Records contained in a dataset
'''

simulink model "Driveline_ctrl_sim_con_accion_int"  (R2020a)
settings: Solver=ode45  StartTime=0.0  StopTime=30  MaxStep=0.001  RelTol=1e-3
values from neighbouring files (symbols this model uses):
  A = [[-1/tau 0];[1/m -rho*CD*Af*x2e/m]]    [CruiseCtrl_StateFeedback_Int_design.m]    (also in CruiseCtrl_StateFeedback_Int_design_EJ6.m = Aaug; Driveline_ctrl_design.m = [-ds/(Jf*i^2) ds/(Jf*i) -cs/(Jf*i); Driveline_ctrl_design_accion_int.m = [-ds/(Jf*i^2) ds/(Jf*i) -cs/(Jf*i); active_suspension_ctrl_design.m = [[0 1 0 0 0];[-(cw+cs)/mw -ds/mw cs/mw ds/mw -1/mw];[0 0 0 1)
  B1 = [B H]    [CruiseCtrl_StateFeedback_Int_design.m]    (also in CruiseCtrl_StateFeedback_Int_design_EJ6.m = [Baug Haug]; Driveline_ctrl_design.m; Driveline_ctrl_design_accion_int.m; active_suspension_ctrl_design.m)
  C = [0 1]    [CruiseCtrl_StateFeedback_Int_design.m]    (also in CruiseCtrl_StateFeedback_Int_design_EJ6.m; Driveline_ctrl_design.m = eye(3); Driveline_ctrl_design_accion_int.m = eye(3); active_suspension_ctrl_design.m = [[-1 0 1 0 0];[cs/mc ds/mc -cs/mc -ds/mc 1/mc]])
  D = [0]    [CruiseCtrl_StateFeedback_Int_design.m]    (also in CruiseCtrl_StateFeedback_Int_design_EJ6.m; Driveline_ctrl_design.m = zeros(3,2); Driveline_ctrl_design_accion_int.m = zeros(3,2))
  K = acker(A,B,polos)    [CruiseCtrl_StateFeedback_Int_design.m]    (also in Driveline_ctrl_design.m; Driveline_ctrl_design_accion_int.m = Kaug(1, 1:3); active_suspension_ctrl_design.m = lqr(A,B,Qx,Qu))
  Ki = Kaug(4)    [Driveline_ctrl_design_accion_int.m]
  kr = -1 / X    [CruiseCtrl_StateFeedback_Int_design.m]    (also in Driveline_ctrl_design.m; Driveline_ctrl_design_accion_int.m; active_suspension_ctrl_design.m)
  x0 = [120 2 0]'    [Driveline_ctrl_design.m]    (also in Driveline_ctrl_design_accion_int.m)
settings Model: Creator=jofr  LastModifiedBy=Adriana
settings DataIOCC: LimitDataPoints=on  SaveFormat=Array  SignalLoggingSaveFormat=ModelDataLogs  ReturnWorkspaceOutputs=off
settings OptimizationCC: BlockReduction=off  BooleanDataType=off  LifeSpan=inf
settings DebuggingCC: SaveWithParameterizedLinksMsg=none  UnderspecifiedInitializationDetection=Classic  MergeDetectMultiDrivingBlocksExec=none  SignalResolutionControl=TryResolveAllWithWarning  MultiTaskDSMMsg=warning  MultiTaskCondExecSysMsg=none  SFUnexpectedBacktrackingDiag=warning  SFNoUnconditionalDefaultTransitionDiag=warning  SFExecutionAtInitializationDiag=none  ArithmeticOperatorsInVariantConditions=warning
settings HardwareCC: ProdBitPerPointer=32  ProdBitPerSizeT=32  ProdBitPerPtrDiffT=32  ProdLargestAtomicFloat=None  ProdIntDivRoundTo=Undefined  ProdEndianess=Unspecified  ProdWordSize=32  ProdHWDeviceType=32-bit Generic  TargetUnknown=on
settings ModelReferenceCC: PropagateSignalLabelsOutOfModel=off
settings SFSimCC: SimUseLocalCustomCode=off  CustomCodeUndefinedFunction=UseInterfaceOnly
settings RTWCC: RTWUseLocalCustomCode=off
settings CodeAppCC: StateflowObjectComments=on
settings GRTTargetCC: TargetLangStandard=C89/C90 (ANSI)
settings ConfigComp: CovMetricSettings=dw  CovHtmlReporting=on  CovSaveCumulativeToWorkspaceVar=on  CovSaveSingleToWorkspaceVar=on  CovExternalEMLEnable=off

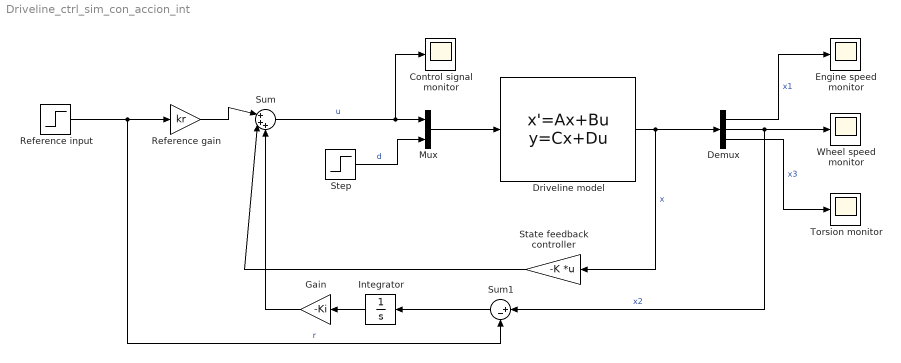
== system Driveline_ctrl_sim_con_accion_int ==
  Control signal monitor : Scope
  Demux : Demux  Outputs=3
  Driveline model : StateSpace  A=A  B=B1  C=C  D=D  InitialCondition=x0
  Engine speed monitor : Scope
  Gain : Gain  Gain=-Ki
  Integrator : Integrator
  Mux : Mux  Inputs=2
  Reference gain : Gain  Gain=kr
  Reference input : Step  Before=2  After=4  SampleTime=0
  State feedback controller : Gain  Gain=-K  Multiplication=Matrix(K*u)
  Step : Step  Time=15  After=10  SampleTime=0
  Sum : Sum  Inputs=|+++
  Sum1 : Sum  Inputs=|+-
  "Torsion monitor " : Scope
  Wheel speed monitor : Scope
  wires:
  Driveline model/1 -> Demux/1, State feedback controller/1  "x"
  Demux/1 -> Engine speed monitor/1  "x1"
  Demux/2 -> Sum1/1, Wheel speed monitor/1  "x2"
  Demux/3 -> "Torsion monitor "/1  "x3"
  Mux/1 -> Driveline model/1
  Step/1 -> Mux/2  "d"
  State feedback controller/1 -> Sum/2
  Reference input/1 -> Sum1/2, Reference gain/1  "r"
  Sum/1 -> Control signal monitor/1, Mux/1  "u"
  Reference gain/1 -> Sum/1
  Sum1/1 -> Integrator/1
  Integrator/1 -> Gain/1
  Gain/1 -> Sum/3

'''

■ Required work
List the lines of the records where "Wheel" occurs.

■ Reply to the exercise
  Wheel speed monitor : Scope
  Demux/2 -> Sum1/1, Wheel speed monitor/1  "x2"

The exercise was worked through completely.